[What you need to do] Which lines of the entries below run from the one holding "#107=CARTESIAN_POINT('',(40.,6.,29.));" to the one holding "#121=CARTESIAN_POINT('',(40.,6.,-29.));", inclusive? Set down exactly those lines and no others.

Records for the exercise: Begin

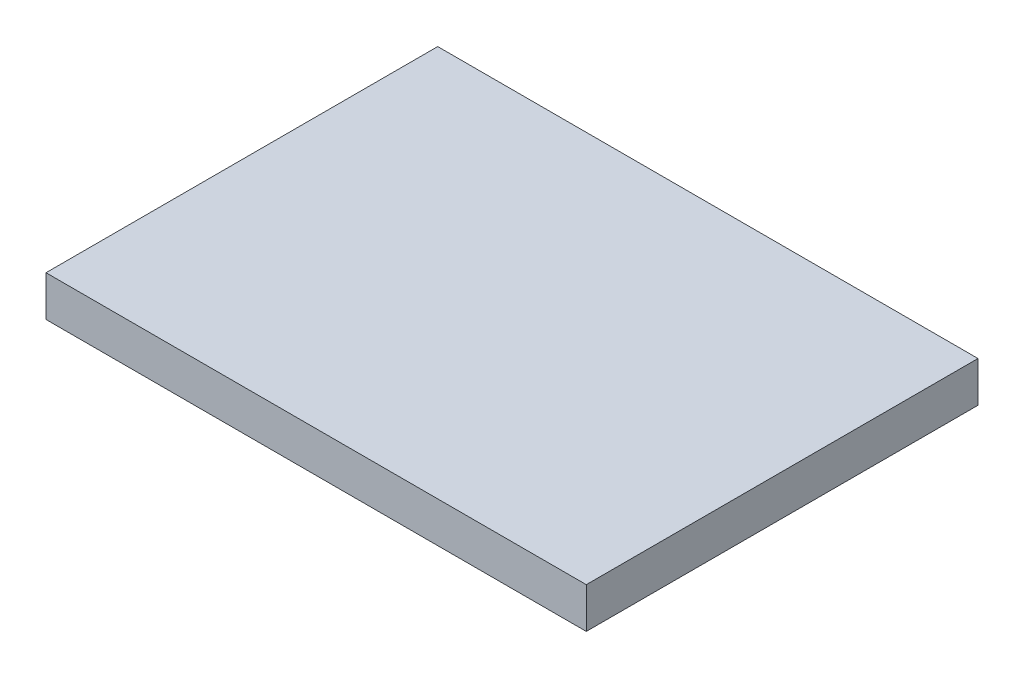
ISO-10303-21;
HEADER;
FILE_DESCRIPTION(('STEP AP214'),'2;1');
FILE_NAME('part.step','',(''),(''),'','','');
FILE_SCHEMA(('AUTOMOTIVE_DESIGN { 1 0 10303 214 1 1 1 1 }'));
ENDSEC;
DATA;
#1=APPLICATION_CONTEXT('core data for automotive mechanical design processes');
#2=APPLICATION_PROTOCOL_DEFINITION('international standard','automotive_design',2000,#1);
#3=PRODUCT_CONTEXT('',#1,'mechanical');
#4=PRODUCT('Part','Part','',(#3));
#5=PRODUCT_RELATED_PRODUCT_CATEGORY('part','',(#4));
#6=PRODUCT_DEFINITION_FORMATION('','',#4);
#7=PRODUCT_DEFINITION_CONTEXT('part definition',#1,'design');
#8=PRODUCT_DEFINITION('design','',#6,#7);
#9=PRODUCT_DEFINITION_SHAPE('','',#8);
#10=(LENGTH_UNIT() NAMED_UNIT(*) SI_UNIT(.MILLI.,.METRE.));
#11=(NAMED_UNIT(*) PLANE_ANGLE_UNIT() SI_UNIT($,.RADIAN.));
#12=(NAMED_UNIT(*) SI_UNIT($,.STERADIAN.) SOLID_ANGLE_UNIT());
#13=UNCERTAINTY_MEASURE_WITH_UNIT(LENGTH_MEASURE(1.E-05),#10,'distance_accuracy_value','');
#14=(GEOMETRIC_REPRESENTATION_CONTEXT(3) GLOBAL_UNCERTAINTY_ASSIGNED_CONTEXT((#13)) GLOBAL_UNIT_ASSIGNED_CONTEXT((#10,
#11,#12)) REPRESENTATION_CONTEXT('',''));
#15=CARTESIAN_POINT('',(0.,0.,0.));
#16=DIRECTION('',(0.,0.,1.));
#17=DIRECTION('',(1.,0.,0.));
#18=AXIS2_PLACEMENT_3D('',#15,#16,#17);
#19=CARTESIAN_POINT('',(-40.,6.,-29.));
#20=DIRECTION('',(0.,0.,-1.));
#21=DIRECTION('',(-1.,0.,0.));
#22=AXIS2_PLACEMENT_3D('',#19,#20,#21);
#23=PLANE('',#22);
#24=DIRECTION('',(1.,0.,0.));
#25=VECTOR('',#24,1.);
#26=CARTESIAN_POINT('',(-40.,0.,-29.));
#27=LINE('',#26,#25);
#28=CARTESIAN_POINT('',(-40.,0.,-29.));
#29=VERTEX_POINT('',#28);
#30=CARTESIAN_POINT('',(40.,0.,-29.));
#31=VERTEX_POINT('',#30);
#32=EDGE_CURVE('E101',#29,#31,#27,.T.);
#33=ORIENTED_EDGE('',*,*,#32,.F.);
#34=DIRECTION('',(0.,-1.,0.));
#35=VECTOR('',#34,1.);
#36=CARTESIAN_POINT('',(-40.,6.,-29.));
#37=LINE('',#36,#35);
#38=CARTESIAN_POINT('',(-40.,6.,-29.));
#39=VERTEX_POINT('',#38);
#40=EDGE_CURVE('E11',#39,#29,#37,.T.);
#41=ORIENTED_EDGE('',*,*,#40,.F.);
#42=DIRECTION('',(1.,0.,0.));
#43=VECTOR('',#42,1.);
#44=CARTESIAN_POINT('',(-40.,6.,-29.));
#45=LINE('',#44,#43);
#46=CARTESIAN_POINT('',(40.,6.,-29.));
#47=VERTEX_POINT('',#46);
#48=EDGE_CURVE('E96',#39,#47,#45,.T.);
#49=ORIENTED_EDGE('',*,*,#48,.T.);
#50=DIRECTION('',(0.,-1.,0.));
#51=VECTOR('',#50,1.);
#52=CARTESIAN_POINT('',(40.,6.,-29.));
#53=LINE('',#52,#51);
#54=EDGE_CURVE('E39',#47,#31,#53,.T.);
#55=ORIENTED_EDGE('',*,*,#54,.T.);
#56=EDGE_LOOP('',(#33,#41,#49,#55));
#57=FACE_BOUND('',#56,.T.);
#58=ADVANCED_FACE('F36',(#57),#23,.T.);
#59=CARTESIAN_POINT('',(-40.,6.,-29.));
#60=DIRECTION('',(1.,0.,0.));
#61=DIRECTION('',(0.,0.,-1.));
#62=AXIS2_PLACEMENT_3D('',#59,#60,#61);
#63=PLANE('',#62);
#64=DIRECTION('',(0.,0.,1.));
#65=VECTOR('',#64,1.);
#66=CARTESIAN_POINT('',(-40.,0.,-29.));
#67=LINE('',#66,#65);
#68=CARTESIAN_POINT('',(-40.,0.,29.));
#69=VERTEX_POINT('',#68);
#70=EDGE_CURVE('E69',#29,#69,#67,.T.);
#71=ORIENTED_EDGE('',*,*,#70,.T.);
#72=DIRECTION('',(0.,-1.,0.));
#73=VECTOR('',#72,1.);
#74=CARTESIAN_POINT('',(-40.,6.,29.));
#75=LINE('',#74,#73);
#76=CARTESIAN_POINT('',(-40.,6.,29.));
#77=VERTEX_POINT('',#76);
#78=EDGE_CURVE('E45',#77,#69,#75,.T.);
#79=ORIENTED_EDGE('',*,*,#78,.F.);
#80=DIRECTION('',(0.,0.,1.));
#81=VECTOR('',#80,1.);
#82=CARTESIAN_POINT('',(-40.,6.,-29.));
#83=LINE('',#82,#81);
#84=EDGE_CURVE('E86',#39,#77,#83,.T.);
#85=ORIENTED_EDGE('',*,*,#84,.F.);
#86=ORIENTED_EDGE('',*,*,#40,.T.);
#87=EDGE_LOOP('',(#71,#79,#85,#86));
#88=FACE_BOUND('',#87,.T.);
#89=ADVANCED_FACE('F111',(#88),#63,.F.);
#90=CARTESIAN_POINT('',(-40.,6.,29.));
#91=DIRECTION('',(0.,0.,-1.));
#92=DIRECTION('',(-1.,0.,0.));
#93=AXIS2_PLACEMENT_3D('',#90,#91,#92);
#94=PLANE('',#93);
#95=DIRECTION('',(1.,0.,0.));
#96=VECTOR('',#95,1.);
#97=CARTESIAN_POINT('',(-40.,0.,29.));
#98=LINE('',#97,#96);
#99=CARTESIAN_POINT('',(40.,0.,29.));
#100=VERTEX_POINT('',#99);
#101=EDGE_CURVE('E93',#69,#100,#98,.T.);
#102=ORIENTED_EDGE('',*,*,#101,.T.);
#103=DIRECTION('',(0.,-1.,0.));
#104=VECTOR('',#103,1.);
#105=CARTESIAN_POINT('',(40.,6.,29.));
#106=LINE('',#105,#104);
#107=CARTESIAN_POINT('',(40.,6.,29.));
#108=VERTEX_POINT('',#107);
#109=EDGE_CURVE('E90',#108,#100,#106,.T.);
#110=ORIENTED_EDGE('',*,*,#109,.F.);
#111=DIRECTION('',(1.,0.,0.));
#112=VECTOR('',#111,1.);
#113=CARTESIAN_POINT('',(-40.,6.,29.));
#114=LINE('',#113,#112);
#115=EDGE_CURVE('E81',#77,#108,#114,.T.);
#116=ORIENTED_EDGE('',*,*,#115,.F.);
#117=ORIENTED_EDGE('',*,*,#78,.T.);
#118=EDGE_LOOP('',(#102,#110,#116,#117));
#119=FACE_BOUND('',#118,.T.);
#120=ADVANCED_FACE('F91',(#119),#94,.F.);
#121=CARTESIAN_POINT('',(40.,6.,-29.));
#122=DIRECTION('',(1.,0.,0.));
#123=DIRECTION('',(0.,0.,-1.));
#124=AXIS2_PLACEMENT_3D('',#121,#122,#123);
#125=PLANE('',#124);
#126=DIRECTION('',(0.,0.,1.));
#127=VECTOR('',#126,1.);
#128=CARTESIAN_POINT('',(40.,0.,-29.));
#129=LINE('',#128,#127);
#130=EDGE_CURVE('E104',#31,#100,#129,.T.);
#131=ORIENTED_EDGE('',*,*,#130,.F.);
#132=ORIENTED_EDGE('',*,*,#54,.F.);
#133=DIRECTION('',(0.,0.,1.));
#134=VECTOR('',#133,1.);
#135=CARTESIAN_POINT('',(40.,6.,-29.));
#136=LINE('',#135,#134);
#137=EDGE_CURVE('E85',#47,#108,#136,.T.);
#138=ORIENTED_EDGE('',*,*,#137,.T.);
#139=ORIENTED_EDGE('',*,*,#109,.T.);
#140=EDGE_LOOP('',(#131,#132,#138,#139));
#141=FACE_BOUND('',#140,.T.);
#142=ADVANCED_FACE('F95',(#141),#125,.T.);
#143=CARTESIAN_POINT('',(0.,6.,0.));
#144=DIRECTION('',(0.,-1.,0.));
#145=DIRECTION('',(0.,0.,-1.));
#146=AXIS2_PLACEMENT_3D('',#143,#144,#145);
#147=PLANE('',#146);
#148=ORIENTED_EDGE('',*,*,#48,.F.);
#149=ORIENTED_EDGE('',*,*,#84,.T.);
#150=ORIENTED_EDGE('',*,*,#115,.T.);
#151=ORIENTED_EDGE('',*,*,#137,.F.);
#152=EDGE_LOOP('',(#148,#149,#150,#151));
#153=FACE_BOUND('',#152,.T.);
#154=ADVANCED_FACE('F84',(#153),#147,.F.);
#155=CARTESIAN_POINT('',(0.,0.,0.));
#156=DIRECTION('',(0.,-1.,0.));
#157=DIRECTION('',(0.,0.,-1.));
#158=AXIS2_PLACEMENT_3D('',#155,#156,#157);
#159=PLANE('',#158);
#160=ORIENTED_EDGE('',*,*,#32,.T.);
#161=ORIENTED_EDGE('',*,*,#130,.T.);
#162=ORIENTED_EDGE('',*,*,#101,.F.);
#163=ORIENTED_EDGE('',*,*,#70,.F.);
#164=EDGE_LOOP('',(#160,#161,#162,#163));
#165=FACE_BOUND('',#164,.T.);
#166=ADVANCED_FACE('F109',(#165),#159,.T.);
#167=CLOSED_SHELL('',(#58,#89,#120,#142,#154,#166));
#168=MANIFOLD_SOLID_BREP('B2',#167);
#169=ADVANCED_BREP_SHAPE_REPRESENTATION('',(#18,#168),#14);
#170=SHAPE_DEFINITION_REPRESENTATION(#9,#169);
ENDSEC;
END-ISO-10303-21;

Records for the exercise: End

[Your solution]
#107=CARTESIAN_POINT('',(40.,6.,29.));
#108=VERTEX_POINT('',#107);
#109=EDGE_CURVE('E90',#108,#100,#106,.T.);
#110=ORIENTED_EDGE('',*,*,#109,.F.);
#111=DIRECTION('',(1.,0.,0.));
#112=VECTOR('',#111,1.);
#113=CARTESIAN_POINT('',(-40.,6.,29.));
#114=LINE('',#113,#112);
#115=EDGE_CURVE('E81',#77,#108,#114,.T.);
#116=ORIENTED_EDGE('',*,*,#115,.F.);
#117=ORIENTED_EDGE('',*,*,#78,.T.);
#118=EDGE_LOOP('',(#102,#110,#116,#117));
#119=FACE_BOUND('',#118,.T.);
#120=ADVANCED_FACE('F91',(#119),#94,.F.);
#121=CARTESIAN_POINT('',(40.,6.,-29.));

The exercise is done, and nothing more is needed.